• SUPPLIED RECORDS:
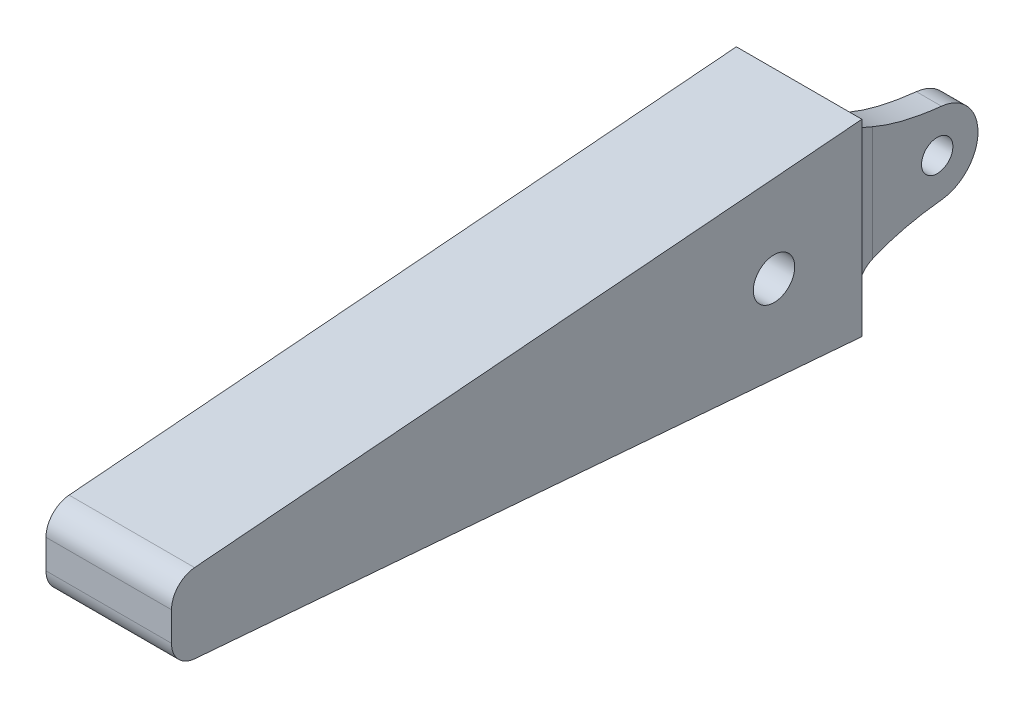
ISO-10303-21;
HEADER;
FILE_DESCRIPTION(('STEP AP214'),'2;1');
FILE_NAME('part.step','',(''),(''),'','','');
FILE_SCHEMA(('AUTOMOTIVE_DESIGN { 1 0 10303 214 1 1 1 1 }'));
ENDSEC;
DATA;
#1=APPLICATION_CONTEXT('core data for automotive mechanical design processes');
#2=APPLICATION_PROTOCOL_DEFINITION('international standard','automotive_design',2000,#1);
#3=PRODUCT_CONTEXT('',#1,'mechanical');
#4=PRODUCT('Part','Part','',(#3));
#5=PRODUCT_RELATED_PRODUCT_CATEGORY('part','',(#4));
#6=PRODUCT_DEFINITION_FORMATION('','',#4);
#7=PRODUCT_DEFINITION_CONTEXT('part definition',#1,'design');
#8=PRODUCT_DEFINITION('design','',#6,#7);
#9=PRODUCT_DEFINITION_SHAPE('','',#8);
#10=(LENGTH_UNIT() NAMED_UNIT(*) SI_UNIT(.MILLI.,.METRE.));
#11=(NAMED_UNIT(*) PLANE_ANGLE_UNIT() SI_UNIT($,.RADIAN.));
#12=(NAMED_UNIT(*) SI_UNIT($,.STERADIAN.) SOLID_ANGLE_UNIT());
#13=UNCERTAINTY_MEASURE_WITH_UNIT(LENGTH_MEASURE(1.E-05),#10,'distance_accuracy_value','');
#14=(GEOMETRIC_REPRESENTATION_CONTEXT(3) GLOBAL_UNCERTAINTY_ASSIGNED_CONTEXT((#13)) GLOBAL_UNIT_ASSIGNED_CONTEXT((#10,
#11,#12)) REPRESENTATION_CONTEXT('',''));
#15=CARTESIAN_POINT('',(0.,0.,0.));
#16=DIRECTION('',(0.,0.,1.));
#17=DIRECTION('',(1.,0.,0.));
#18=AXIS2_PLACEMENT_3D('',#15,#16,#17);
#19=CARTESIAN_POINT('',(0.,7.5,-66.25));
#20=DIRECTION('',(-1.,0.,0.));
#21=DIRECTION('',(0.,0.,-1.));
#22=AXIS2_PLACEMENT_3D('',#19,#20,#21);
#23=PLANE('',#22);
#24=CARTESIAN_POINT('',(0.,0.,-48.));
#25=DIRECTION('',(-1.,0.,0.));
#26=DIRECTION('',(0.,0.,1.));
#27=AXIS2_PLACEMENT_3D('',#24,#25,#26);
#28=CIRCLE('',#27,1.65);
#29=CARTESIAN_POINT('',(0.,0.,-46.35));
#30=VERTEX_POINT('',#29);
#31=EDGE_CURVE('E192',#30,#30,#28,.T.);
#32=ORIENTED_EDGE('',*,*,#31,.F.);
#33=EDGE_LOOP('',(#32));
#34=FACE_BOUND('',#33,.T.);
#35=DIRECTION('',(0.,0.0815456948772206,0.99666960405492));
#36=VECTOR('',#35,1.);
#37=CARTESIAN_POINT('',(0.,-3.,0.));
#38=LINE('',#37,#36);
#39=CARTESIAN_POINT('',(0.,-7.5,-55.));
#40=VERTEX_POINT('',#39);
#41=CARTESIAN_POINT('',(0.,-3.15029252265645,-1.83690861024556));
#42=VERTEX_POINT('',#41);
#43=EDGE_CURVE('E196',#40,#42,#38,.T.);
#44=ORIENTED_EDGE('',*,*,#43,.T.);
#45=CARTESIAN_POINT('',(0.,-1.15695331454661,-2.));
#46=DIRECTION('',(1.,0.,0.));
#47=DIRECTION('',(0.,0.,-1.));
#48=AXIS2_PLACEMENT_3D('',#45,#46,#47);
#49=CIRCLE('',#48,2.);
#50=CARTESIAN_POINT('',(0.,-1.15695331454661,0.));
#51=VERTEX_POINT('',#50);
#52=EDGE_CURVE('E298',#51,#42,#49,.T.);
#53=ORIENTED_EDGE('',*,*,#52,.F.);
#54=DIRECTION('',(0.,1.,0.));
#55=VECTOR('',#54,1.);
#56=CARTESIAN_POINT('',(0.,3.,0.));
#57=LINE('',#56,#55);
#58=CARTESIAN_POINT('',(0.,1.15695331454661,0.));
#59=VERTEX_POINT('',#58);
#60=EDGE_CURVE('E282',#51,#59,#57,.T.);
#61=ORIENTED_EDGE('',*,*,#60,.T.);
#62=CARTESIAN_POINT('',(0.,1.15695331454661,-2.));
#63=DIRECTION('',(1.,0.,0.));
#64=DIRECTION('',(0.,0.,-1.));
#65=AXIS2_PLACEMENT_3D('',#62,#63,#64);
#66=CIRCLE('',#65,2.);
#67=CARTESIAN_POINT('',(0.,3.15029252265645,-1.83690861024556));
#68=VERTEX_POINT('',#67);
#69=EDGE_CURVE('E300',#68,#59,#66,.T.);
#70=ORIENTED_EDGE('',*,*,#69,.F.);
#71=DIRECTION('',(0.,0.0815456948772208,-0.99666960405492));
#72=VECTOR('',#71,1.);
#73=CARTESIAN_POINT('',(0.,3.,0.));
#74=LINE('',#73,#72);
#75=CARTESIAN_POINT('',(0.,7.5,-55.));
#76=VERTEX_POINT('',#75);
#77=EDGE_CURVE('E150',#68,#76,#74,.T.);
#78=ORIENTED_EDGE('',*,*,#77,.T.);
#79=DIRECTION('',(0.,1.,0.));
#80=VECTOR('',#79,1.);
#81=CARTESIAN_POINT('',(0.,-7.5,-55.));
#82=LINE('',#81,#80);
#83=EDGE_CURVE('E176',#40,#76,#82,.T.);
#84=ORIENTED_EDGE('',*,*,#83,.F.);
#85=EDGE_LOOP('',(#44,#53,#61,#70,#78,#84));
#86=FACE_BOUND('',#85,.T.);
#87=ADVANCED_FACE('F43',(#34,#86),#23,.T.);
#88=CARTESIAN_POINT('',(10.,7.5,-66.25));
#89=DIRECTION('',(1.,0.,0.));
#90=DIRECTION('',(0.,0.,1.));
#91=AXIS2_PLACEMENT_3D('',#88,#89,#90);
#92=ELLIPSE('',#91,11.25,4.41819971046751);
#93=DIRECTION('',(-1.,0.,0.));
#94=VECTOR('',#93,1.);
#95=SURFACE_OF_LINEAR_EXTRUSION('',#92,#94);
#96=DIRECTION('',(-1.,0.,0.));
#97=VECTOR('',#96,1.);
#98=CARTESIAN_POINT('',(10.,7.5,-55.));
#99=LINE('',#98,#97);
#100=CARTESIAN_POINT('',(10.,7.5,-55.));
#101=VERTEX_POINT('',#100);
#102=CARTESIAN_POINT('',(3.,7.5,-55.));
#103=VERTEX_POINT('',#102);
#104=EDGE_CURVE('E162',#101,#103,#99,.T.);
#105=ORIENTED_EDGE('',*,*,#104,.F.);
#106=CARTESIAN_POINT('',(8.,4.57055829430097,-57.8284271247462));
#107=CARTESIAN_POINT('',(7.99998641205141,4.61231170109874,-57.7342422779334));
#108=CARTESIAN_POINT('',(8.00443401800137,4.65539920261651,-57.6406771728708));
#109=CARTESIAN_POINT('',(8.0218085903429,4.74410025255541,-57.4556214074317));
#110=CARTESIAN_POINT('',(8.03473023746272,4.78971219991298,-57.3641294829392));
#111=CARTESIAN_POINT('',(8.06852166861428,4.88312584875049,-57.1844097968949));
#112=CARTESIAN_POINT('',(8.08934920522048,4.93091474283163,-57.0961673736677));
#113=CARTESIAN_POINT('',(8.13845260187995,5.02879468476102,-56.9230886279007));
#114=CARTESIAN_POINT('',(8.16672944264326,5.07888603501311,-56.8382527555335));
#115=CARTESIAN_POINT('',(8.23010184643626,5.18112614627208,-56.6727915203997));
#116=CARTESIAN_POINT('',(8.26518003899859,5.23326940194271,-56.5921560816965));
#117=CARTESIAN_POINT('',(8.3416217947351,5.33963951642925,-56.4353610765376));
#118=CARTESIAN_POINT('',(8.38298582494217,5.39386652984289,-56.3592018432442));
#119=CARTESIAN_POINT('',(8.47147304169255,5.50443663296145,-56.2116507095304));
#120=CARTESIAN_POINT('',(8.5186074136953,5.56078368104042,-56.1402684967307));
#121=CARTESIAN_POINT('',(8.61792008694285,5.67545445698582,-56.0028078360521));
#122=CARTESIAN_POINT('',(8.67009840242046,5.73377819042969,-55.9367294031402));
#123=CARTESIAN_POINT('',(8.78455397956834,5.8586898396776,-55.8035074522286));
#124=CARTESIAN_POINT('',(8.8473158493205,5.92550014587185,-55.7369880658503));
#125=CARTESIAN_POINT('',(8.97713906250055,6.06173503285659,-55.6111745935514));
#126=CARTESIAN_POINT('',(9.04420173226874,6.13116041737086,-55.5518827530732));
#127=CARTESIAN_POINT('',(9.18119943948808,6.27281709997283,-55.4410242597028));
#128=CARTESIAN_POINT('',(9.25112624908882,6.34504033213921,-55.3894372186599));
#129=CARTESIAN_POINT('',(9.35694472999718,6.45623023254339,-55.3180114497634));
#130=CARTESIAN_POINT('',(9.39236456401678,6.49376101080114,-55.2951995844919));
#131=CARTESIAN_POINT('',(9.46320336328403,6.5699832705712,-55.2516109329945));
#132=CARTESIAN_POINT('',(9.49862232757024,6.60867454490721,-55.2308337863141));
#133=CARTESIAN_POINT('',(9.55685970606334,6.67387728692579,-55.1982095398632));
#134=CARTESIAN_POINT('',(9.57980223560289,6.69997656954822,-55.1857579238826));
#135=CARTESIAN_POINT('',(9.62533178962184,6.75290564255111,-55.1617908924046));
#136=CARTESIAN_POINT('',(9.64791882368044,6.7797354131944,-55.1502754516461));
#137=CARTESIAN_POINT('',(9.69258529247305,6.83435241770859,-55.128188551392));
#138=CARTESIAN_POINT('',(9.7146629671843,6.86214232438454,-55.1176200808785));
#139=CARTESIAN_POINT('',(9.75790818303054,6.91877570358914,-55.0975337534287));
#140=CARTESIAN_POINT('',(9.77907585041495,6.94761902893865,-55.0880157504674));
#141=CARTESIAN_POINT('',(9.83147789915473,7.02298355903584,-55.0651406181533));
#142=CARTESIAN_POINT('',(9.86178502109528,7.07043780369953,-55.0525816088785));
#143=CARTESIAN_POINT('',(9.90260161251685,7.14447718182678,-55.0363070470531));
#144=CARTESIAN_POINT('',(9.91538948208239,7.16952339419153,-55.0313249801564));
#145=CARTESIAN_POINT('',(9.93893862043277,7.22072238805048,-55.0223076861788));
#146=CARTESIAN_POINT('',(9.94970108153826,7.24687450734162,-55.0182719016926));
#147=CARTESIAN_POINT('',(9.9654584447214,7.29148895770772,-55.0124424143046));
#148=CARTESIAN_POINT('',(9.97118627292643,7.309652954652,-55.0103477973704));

• ABOUT THIS EXERCISE: Can the lines from the start of the records through the line with "#32=ORIENTED_EDGE('',*,*,#31,.F.);" be given again exactly, with the pictures left out?

• WRITTEN ANSWER:
ISO-10303-21;
HEADER;
FILE_DESCRIPTION(('STEP AP214'),'2;1');
FILE_NAME('part.step','',(''),(''),'','','');
FILE_SCHEMA(('AUTOMOTIVE_DESIGN { 1 0 10303 214 1 1 1 1 }'));
ENDSEC;
DATA;
#1=APPLICATION_CONTEXT('core data for automotive mechanical design processes');
#2=APPLICATION_PROTOCOL_DEFINITION('international standard','automotive_design',2000,#1);
#3=PRODUCT_CONTEXT('',#1,'mechanical');
#4=PRODUCT('Part','Part','',(#3));
#5=PRODUCT_RELATED_PRODUCT_CATEGORY('part','',(#4));
#6=PRODUCT_DEFINITION_FORMATION('','',#4);
#7=PRODUCT_DEFINITION_CONTEXT('part definition',#1,'design');
#8=PRODUCT_DEFINITION('design','',#6,#7);
#9=PRODUCT_DEFINITION_SHAPE('','',#8);
#10=(LENGTH_UNIT() NAMED_UNIT(*) SI_UNIT(.MILLI.,.METRE.));
#11=(NAMED_UNIT(*) PLANE_ANGLE_UNIT() SI_UNIT($,.RADIAN.));
#12=(NAMED_UNIT(*) SI_UNIT($,.STERADIAN.) SOLID_ANGLE_UNIT());
#13=UNCERTAINTY_MEASURE_WITH_UNIT(LENGTH_MEASURE(1.E-05),#10,'distance_accuracy_value','');
#14=(GEOMETRIC_REPRESENTATION_CONTEXT(3) GLOBAL_UNCERTAINTY_ASSIGNED_CONTEXT((#13)) GLOBAL_UNIT_ASSIGNED_CONTEXT((#10,
#11,#12)) REPRESENTATION_CONTEXT('',''));
#15=CARTESIAN_POINT('',(0.,0.,0.));
#16=DIRECTION('',(0.,0.,1.));
#17=DIRECTION('',(1.,0.,0.));
#18=AXIS2_PLACEMENT_3D('',#15,#16,#17);
#19=CARTESIAN_POINT('',(0.,7.5,-66.25));
#20=DIRECTION('',(-1.,0.,0.));
#21=DIRECTION('',(0.,0.,-1.));
#22=AXIS2_PLACEMENT_3D('',#19,#20,#21);
#23=PLANE('',#22);
#24=CARTESIAN_POINT('',(0.,0.,-48.));
#25=DIRECTION('',(-1.,0.,0.));
#26=DIRECTION('',(0.,0.,1.));
#27=AXIS2_PLACEMENT_3D('',#24,#25,#26);
#28=CIRCLE('',#27,1.65);
#29=CARTESIAN_POINT('',(0.,0.,-46.35));
#30=VERTEX_POINT('',#29);
#31=EDGE_CURVE('E192',#30,#30,#28,.T.);
#32=ORIENTED_EDGE('',*,*,#31,.F.);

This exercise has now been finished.